— The task —
Reproduce exactly, and only, the lines running from the start of the entries below to the line containing "settings Model: Creator=piete".

— Entries taken from a collection —
↓

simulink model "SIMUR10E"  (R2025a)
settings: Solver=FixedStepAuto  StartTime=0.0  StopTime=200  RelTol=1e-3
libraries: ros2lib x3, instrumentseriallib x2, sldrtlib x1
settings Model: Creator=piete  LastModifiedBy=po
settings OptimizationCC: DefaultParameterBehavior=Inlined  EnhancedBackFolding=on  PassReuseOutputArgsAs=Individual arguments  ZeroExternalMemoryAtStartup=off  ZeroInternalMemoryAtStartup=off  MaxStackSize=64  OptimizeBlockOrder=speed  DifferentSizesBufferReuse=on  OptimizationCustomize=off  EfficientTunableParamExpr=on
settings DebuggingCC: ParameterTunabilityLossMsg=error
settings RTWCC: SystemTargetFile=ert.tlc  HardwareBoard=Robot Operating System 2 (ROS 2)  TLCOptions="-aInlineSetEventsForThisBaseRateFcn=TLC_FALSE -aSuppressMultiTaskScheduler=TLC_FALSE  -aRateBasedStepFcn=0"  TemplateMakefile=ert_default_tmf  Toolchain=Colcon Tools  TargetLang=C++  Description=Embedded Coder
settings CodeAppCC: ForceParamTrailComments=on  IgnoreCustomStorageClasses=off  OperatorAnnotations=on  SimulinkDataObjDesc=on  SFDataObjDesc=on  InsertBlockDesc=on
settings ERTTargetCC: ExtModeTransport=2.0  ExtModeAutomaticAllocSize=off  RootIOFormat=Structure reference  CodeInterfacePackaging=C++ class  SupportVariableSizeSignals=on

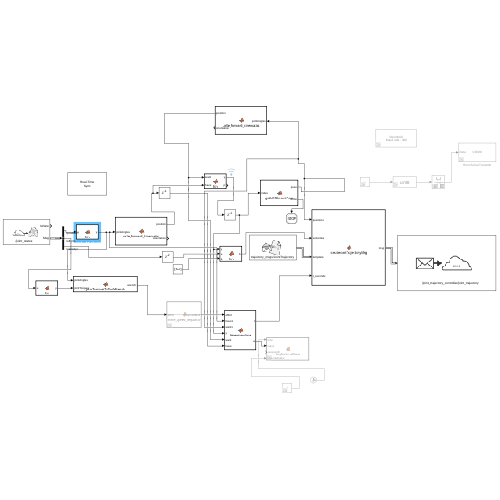
[thumbnail: Simulink's stored preview of the top-level diagram]
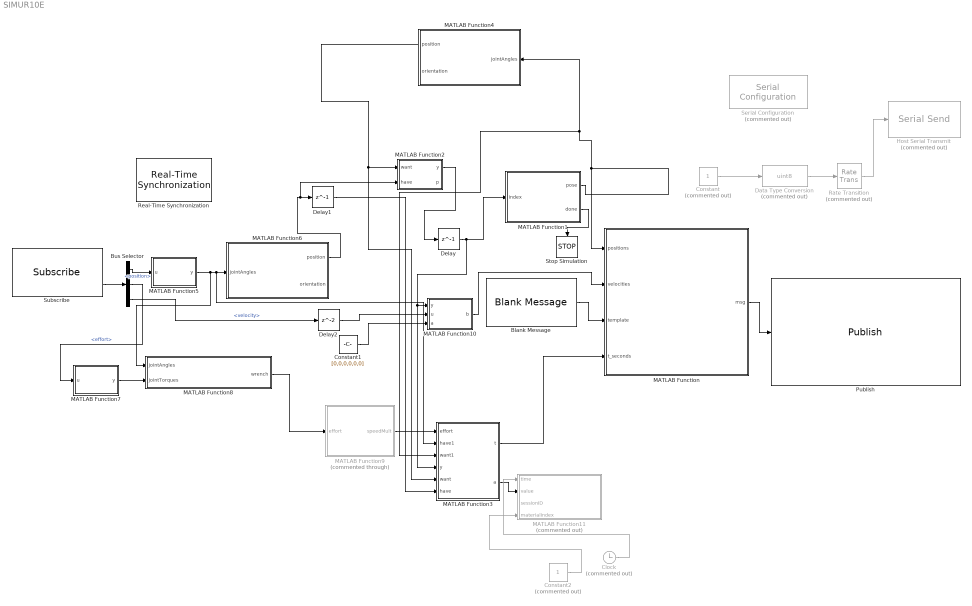
== system SIMUR10E ==
  Blank Message : ros2lib/Blank Message  messageClass=Message  entityType=trajectory_msgs/JointTrajectory  messageType=trajectory_msgs/JointTrajectory  SampleTime=inf
  Bus Selector : BusSelector  OutputSignals=position,effort,velocity
  Clock : Clock  Commented=on
  Constant : Constant  Commented=on
  Constant1 : Constant  Value=[0,0,0,0,0,0]
  Constant2 : Constant  Commented=on
  Data Type Conversion : DataTypeConversion  Commented=on  OutDataTypeStr=uint8  SaturateOnIntegerOverflow=off  RndMeth=Floor
  Delay : Delay  DelayLength=1  InitialCondition=1
  Delay1 : Delay  DelayLength=1  InitialCondition=0  InputProcessing=Columns as channels (frame based)
  Delay2 : Delay
  Host Serial Transmit : instrumentseriallib/Serial Send  Commented=on  PortSel=COM8  Port=COM8  ComPort=COM8  Header='S'  Terminator=Custom terminator  CustomTerminator='E'  EnableBlockingMode=off  SimulateUsing=Interpreted execution  BlockInModel=on  aMode=5
      settings: LibrarySourceBlock=mcblib/Protection and Diagnostics/Host Serial Transmit
  MATLAB Function : MATLAB Function  TreatAsAtomicUnit=on
  MATLAB Function1 : MATLAB Function  TreatAsAtomicUnit=on
  MATLAB Function10 : MATLAB Function  TreatAsAtomicUnit=on
  MATLAB Function11 : MATLAB Function  Commented=on  TreatAsAtomicUnit=on
  MATLAB Function2 : MATLAB Function  TreatAsAtomicUnit=on
  MATLAB Function3 : MATLAB Function  TreatAsAtomicUnit=on
  MATLAB Function4 : MATLAB Function  TreatAsAtomicUnit=on
  MATLAB Function5 : MATLAB Function  TreatAsAtomicUnit=on
  MATLAB Function6 : MATLAB Function  TreatAsAtomicUnit=on
  MATLAB Function7 : MATLAB Function  TreatAsAtomicUnit=on
  MATLAB Function8 : MATLAB Function  TreatAsAtomicUnit=on
  MATLAB Function9 : MATLAB Function  Commented=through  TreatAsAtomicUnit=on
  Publish : ros2lib/Publish  topicSource=Select from ROS network  topic=/joint_trajectory_controller/joint_trajectory  messageType=trajectory_msgs/JointTrajectory  QOSHistory=Keep last  QOSDepth=10  QOSReliability=Reliable  QOSDurability=Volatile  QOSDeadline=Inf  QOSLifespan=Inf  QOSLiveliness=Automatic  QOSLeaseDuration=Inf  QOSAvoidROSNamespaceConventions=off
  Rate Transition : RateTransition  Commented=on  OutPortSampleTime=2
  Real-Time Synchronization : sldrtlib/Real-Time Synchronization  SampleTime=0.001  MaxMissedTicks=100000000000000000000000000000000000  ShowMissedTicks=off  YieldWhenWaiting=off
  Serial Configuration : instrumentseriallib/Serial Configuration  Priority=-200000  Commented=on  PortSel=/dev/ttyS0  Port=/dev/ttyS0  ComPort=/dev/ttyS0  BaudRate=300  DataBits=8  Parity=none  StopBits=1  ByteOrder=little-endian  FlowControl=none  Timeout=10  SimulateUsing=Interpreted execution  BlockInModel=on  aMode=1
      settings: LibrarySourceBlock=c2000lib/Host Communication/Serial Configuration
  Stop Simulation : Stop
  Subscribe : ros2lib/Subscribe  topicSource=Select from ROS network  topic=/joint_states  messageType=sensor_msgs/JointState  sampleTime=-1  QOSHistory=Keep last  QOSDepth=10  QOSReliability=Reliable  QOSDurability=Volatile  QOSDeadline=Inf  QOSLifespan=Inf  QOSLiveliness=Automatic  QOSLeaseDuration=Inf  QOSAvoidROSNamespaceConventions=off
  wires:
  Subscribe/2 -> Bus Selector/1
  Blank Message/1 -> MATLAB Function/3(template)
  MATLAB Function5/1(y) -> MATLAB Function8/1(jointAngles), MATLAB Function3/2(have1), MATLAB Function6/1(jointAngles)
  Bus Selector/1 -> MATLAB Function5/1(u)  "<position>"
  MATLAB Function7/1(y) -> MATLAB Function8/2(jointTorques)
  Bus Selector/2 -> MATLAB Function7/1(u)  "<effort>"
  MATLAB Function1/2(done) -> Stop Simulation/1
  MATLAB Function/1(msg) -> Publish/1
  MATLAB Function1/1(pose) -> MATLAB Function/1(positions), MATLAB Function4/1(jointAngles), MATLAB Function3/3(want1)
  MATLAB Function8/1(wrench) -> MATLAB Function9/1(effort)
  MATLAB Function9/1(speedMult) -> MATLAB Function3/1(effort)
  Constant/1 -> Data Type Conversion/1
  Data Type Conversion/1 -> Rate Transition/1
  Rate Transition/1 -> Host Serial Transmit/1
  MATLAB Function3/1(t) -> MATLAB Function/4(t_seconds)
  MATLAB Function6/1(position) -> MATLAB Function2/2(have), Delay1/1
  Delay1/1 -> MATLAB Function3/6(have)
  MATLAB Function4/1(position) -> MATLAB Function3/5(want), MATLAB Function2/1(want)
  MATLAB Function10/1(b) -> MATLAB Function/2(velocities)
  Bus Selector/3 -> Delay2/1  "<velocity>"
  Delay2/1 -> MATLAB Function10/2(u)
  Constant1/1 -> MATLAB Function10/3(a)
  MATLAB Function3/2(a) -> MATLAB Function11/2(value)
  Clock/1 -> MATLAB Function11/1(time)
  Constant2/1 -> MATLAB Function11/4(materialIndex)
  MATLAB Function2/1(y) -> Delay/1
  Delay/1 -> MATLAB Function3/4(y), MATLAB Function10/1(y), MATLAB Function1/1(index)

== matlab function SIMUR10E/MATLAB Function11 ==
  data: time input; value input; sessionID input; materialIndex input
function logMaterialData(time, value, sessionID, materialIndex)
%#codegen

persistent dataLog

% Define material names based on index
materialList = ["Steel", "Aluminum", "Plastic"];
materialID = materialList(materialIndex);

% Initialize if empty
if isempty(dataLog)
    dataLog = repmat(struct(), 10, 1); % Up to 10 sessions
end

% Convert struct field manually
sessionField = sessionID;
materialField = materialIndex;

% Preallocate if needed
if ~isfield(dataLog(sessionField), "Time")
    dataLog(sessionField).Time = cell(length(materialList), 1);
    dataLog(sessionField).Value = cell(length(materialList), 1);
end

% Append
if isempty(dataLog(sessionField).Time{materialField})
    dataLog(sessionField).Time{materialField} = time;
    dataLog(sessionField).Value{materialField} = value;
else
    dataLog(sessionField).Time{materialField}(end+1, 1) = time;
    dataLog(sessionField).Value{materialField}(end+1, :) = value;
end

% Export to base workspace after each step (optional)
coder.extrinsic('assignin');
assignin('base', 'dataLog', dataLog);

== matlab function SIMUR10E/MATLAB Function1 ==
  data: index input; pose output; done output
function [pose, done] = getUR10eJointPose(index)
% Returns a 1x6 joint pose vector and a "done" flag

coder.extrinsic('warning');

persistent angles
coder.varsize('angles', [Inf, 6], [1 0]);

if isempty(angles)
    data = coder.load('ur10e_joint_poses.mat');
    if isfield(data, 'validAngles') && size(data.validAngles, 2) == 6
        angles = data.validAngles;
    else
        angles = zeros(1, 6);
        warning('Invalid or missing validAngles in MAT file');
    end
end

n = size(angles, 1);
index = max(1, min(index, n));
pose = angles(index, :);

if isempty(pose)
    pose = zeros(1, 6);
end

% Done when we reached the last pose
done = (index >= n);
end

== matlab function SIMUR10E/MATLAB Function ==
  data: positions input; velocities input; msg output Bus: SL_Bus_trajectory_msgs_JointTrajectory; template input; t_seconds input
function msg = createJointTrajectoryMsg(positions, velocities, template, t_seconds)
msg = template;

joint_names = {'shoulder_pan_joint', 'shoulder_lift_joint', ...
               'elbow_joint', 'wrist_1_joint', ...
               'wrist_2_joint', 'wrist_3_joint'};

for i = 1:6
    name_uint8 = uint8(joint_names{i});
    msg.joint_names(i).data = zeros(128,1,'uint8');
    msg.joint_names(i).data(1:numel(name_uint8)) = name_uint8(:);
    msg.joint_names(i).data_SL_Info.CurrentLength = uint32(numel(name_uint8));
end
msg.joint_names_SL_Info.CurrentLength = uint32(6);

pt = msg.points(1);
pt.positions = zeros(128,1);
pt.positions(1:6) = positions(:);
pt.positions_SL_Info.CurrentLength = uint32(6);

pt.velocities = zeros(128,1);
pt.velocities(1:6) = velocities(:);
pt.velocities_SL_Info.CurrentLength = uint32(6);

pt.accelerations = zeros(128,1);
pt.accelerations_SL_Info.CurrentLength = uint32(0);
pt.effort = zeros(128,1);
pt.effort_SL_Info.CurrentLength = uint32(0);

% Properly set time_from_start
% For example, time_from_start = 100.0000001 seconds

pt.time_from_start.sec = int32(floor(t_seconds));        % 100 seconds
pt.time_from_start.nanosec = uint32(round(5)); % 100 nanoseconds


msg.points(1) = pt;
msg.points_SL_Info.CurrentLength = uint32(1);

msg.header.stamp.sec = int32(0);
msg.header.stamp.nanosec = uint32(0);
msg.header.frame_id = zeros(128,1,'uint8');
msg.header.frame_id_SL_Info.CurrentLength = uint32(0);
end

== matlab function SIMUR10E/MATLAB Function2 ==
  data: want input; y output; have input; p output
function [y,p]= fcn(want, have)
persistent step
if isempty(step)
    step = 1;
end

% Compute position error
po = zeros(1,3);
for n = 1:3
    po(1,n) = (have(1,n) - want(1,n));  % Circular indexing
end
p=sqrt(po(1,1)^2+po(1,2)^2+po(1,3)^2);
% Check if close enough to desired position
if p <= 0.00001
    step = step + 1;
end

y = step;

== matlab function SIMUR10E/MATLAB Function3 ==
  data: effort input; have1 input; want1 input; y input; want input; have input; t output; a output
function [t,a]= determinetime(effort, have1, want1, y, want, have)
% if y==1
%     b=3;
% else
%     b=0;
% end
% data = load('toolpath_info.mat');
% toolpath_length = data.toolpath_length;
% toolpath_num_points = data.toolpath_num_points;
% tt=toolpath_length/toolpath_num_points;
po = zeros(1,3);
for n = 1:3
    po(1,n) = (have(1,n) - want(1,n));  % Circular indexing
end
p=sqrt(po(1,1)^2+po(1,2)^2+po(1,3)^2);
ab= abs(effort);
a=sqrt(ab(1)^2+ab(2)^2+ab(3)^2);
hawa=zeros(1,6);
if y==1
    for i=1:6
  hawa(i)=abs(have1(i)-want1(i));
    end
    t=max(hawa)*8;
else
t=p*(a*3)^10;
end
% t=p*00+p*a^2*10;

end

== matlab function SIMUR10E/MATLAB Function4 ==
  data: jointAngles input; position output; orientation output
function [position, orientation] = ur3e_forward_kinematics(jointAngles)
%#codegen

% Inputs:
% jointAngles - 1x6 array [rad] of UR3e joint angles
% Outputs:
% position - 1x3 [m] XYZ position of tool tip
% orientation - 1x4 quaternion [qx qy qz qw] of tool tip

% Load robot model once and persist in memory
persistent robot toolTransform
if isempty(robot)
    robot = loadrobot('universalUR3e', 'DataFormat', 'row');
    
    % Define tool transform (211 mm link + 4.5 mm tool radius)
    toolOffset = trvec2tform([0 0 -0.29418]);  % in meters
    toolRotation = axang2tform([1 0 0 pi]);    % flip around X
    toolTransform = toolRotation * toolOffset;
end

% Compute forward kinematics to 'tool0'
tform = getTransform(robot, jointAngles, 'tool0');

% Apply tool transform
fullTform = tform * toolTransform;

% Extract position and orientation
position = fullTform(1:3, 4)';
rotm = fullTform(1:3, 1:3);
orientation = rotm2quat(rotm);  % [qx qy qz qw]
end

== matlab function SIMUR10E/MATLAB Function5 ==
  data: u input; y output
function y = fcn(u)
y=zeros(1,6);
b = u(1:6)';
y(1)=b(3);
y(2)=b(2);
y(3)=b(1);
y(4)=b(4);
y(5)=b(5);
y(6)=b(6);

== matlab function SIMUR10E/MATLAB Function6 ==
  data: jointAngles input; position output; orientation output
function [position, orientation] = ur3e_forward_kinematics(jointAngles)
%#codegen

% Inputs:
% jointAngles - 1x6 array [rad] of UR3e joint angles
% Outputs:
% position - 1x3 [m] XYZ position of tool tip
% orientation - 1x4 quaternion [qx qy qz qw] of tool tip

% Load robot model once and persist in memory
persistent robot toolTransform
if isempty(robot)
    robot = loadrobot('universalUR3e', 'DataFormat', 'row');
    
    % Define tool transform (211 mm link + 4.5 mm tool radius)
    toolOffset = trvec2tform([0 0 -0.29418]);  % in meters
    toolRotation = axang2tform([1 0 0 pi]);    % flip around X
    toolTransform = toolRotation * toolOffset;
end

% Compute forward kinematics to 'tool0'
tform = getTransform(robot, jointAngles, 'tool0');

% Apply tool transform
fullTform = tform * toolTransform;

% Extract position and orientation
position = fullTform(1:3, 4)';
rotm = fullTform(1:3, 1:3);
orientation = rotm2quat(rotm);  % [qx qy qz qw]
end

== matlab function SIMUR10E/MATLAB Function7 ==
  data: u input; y output
function y = fcn(u)
y=zeros(1,6);
b = u(1:6)';
y(1)=b(3);
y(2)=b(2);
y(3)=b(1);
y(4)=b(4);
y(5)=b(5);
y(6)=b(6);

== matlab function SIMUR10E/MATLAB Function8 ==
  data: jointAngles input; wrench output; jointTorques input
function wrench = jointTorquesToToolWrench(jointAngles, jointTorques)
%#codegen
% Inputs:
% jointAngles  - 1x6 vector of UR3e joint positions [rad]
% jointTorques - 1x6 vector of joint torques [Nm]
% Output:
% wrench - 1x6 vector [Fx Fy Fz Mx My Mz] in N and N·m

persistent robot
if isempty(robot)
    robot = loadrobot('universalUR3e', 'DataFormat', 'row');
end

% Compute geometric Jacobian at current config
J = geometricJacobian(robot, jointAngles, 'tool0');

% Solve J' * wrench = torques  → wrench = pinv(J') * torques
wrench = (pinv(J')) * jointTorques(:);
%wrench = wrench;  % return as row vector
end

== matlab function SIMUR10E/MATLAB Function9 ==
  data: effort input; speedMult output
function speedMult = force_speed_regulator(effort)
%#codegen
currentForce=sqrt(effort(1)^2+effort(2)^2+effort(3)^2);
% Persistent variable to store previous force value
persistent prevForce
if isempty(prevForce)
    prevForce = currentForce;  % Initialize on first run
end

% Parameters
deadband = 3.5;         % Sensor noise threshold
desiredForce = 20;      % Target force in N (can be set as parameter)
k = 0.02;               % Proportional gain
maxMult = 1.5;
minMult = 0.5;

% Compute force trend
deltaForce = currentForce - prevForce;

% Apply deadband filtering
if abs(deltaForce) < deadband
    deltaForce = 0;
end

% Compute force error
forceError = desiredForce - currentForce;

% Compute speed multiplier
speedMult = 1 + k * forceError;

% Clamp speed multiplier to [0.5, 1.5]
speedMult = max(min(speedMult, maxMult), minMult);

% Update previous force for next time step
prevForce = currentForce;

== matlab function SIMUR10E/MATLAB Function10 ==
  data: y input; u input; b output; a input
function b = fcn(y, u, a)
b = zeros(1, 6); % Fixed-size initialization
if y == 1
    b(:) = u(1:6); % Ensure assignment maintains size
else
    b(:) = a(1:6); % Explicitly maintain size
end

↑

— Solution below —
simulink model "SIMUR10E"  (R2025a)
settings: Solver=FixedStepAuto  StartTime=0.0  StopTime=200  RelTol=1e-3
libraries: ros2lib x3, instrumentseriallib x2, sldrtlib x1
settings Model: Creator=piete  LastModifiedBy=po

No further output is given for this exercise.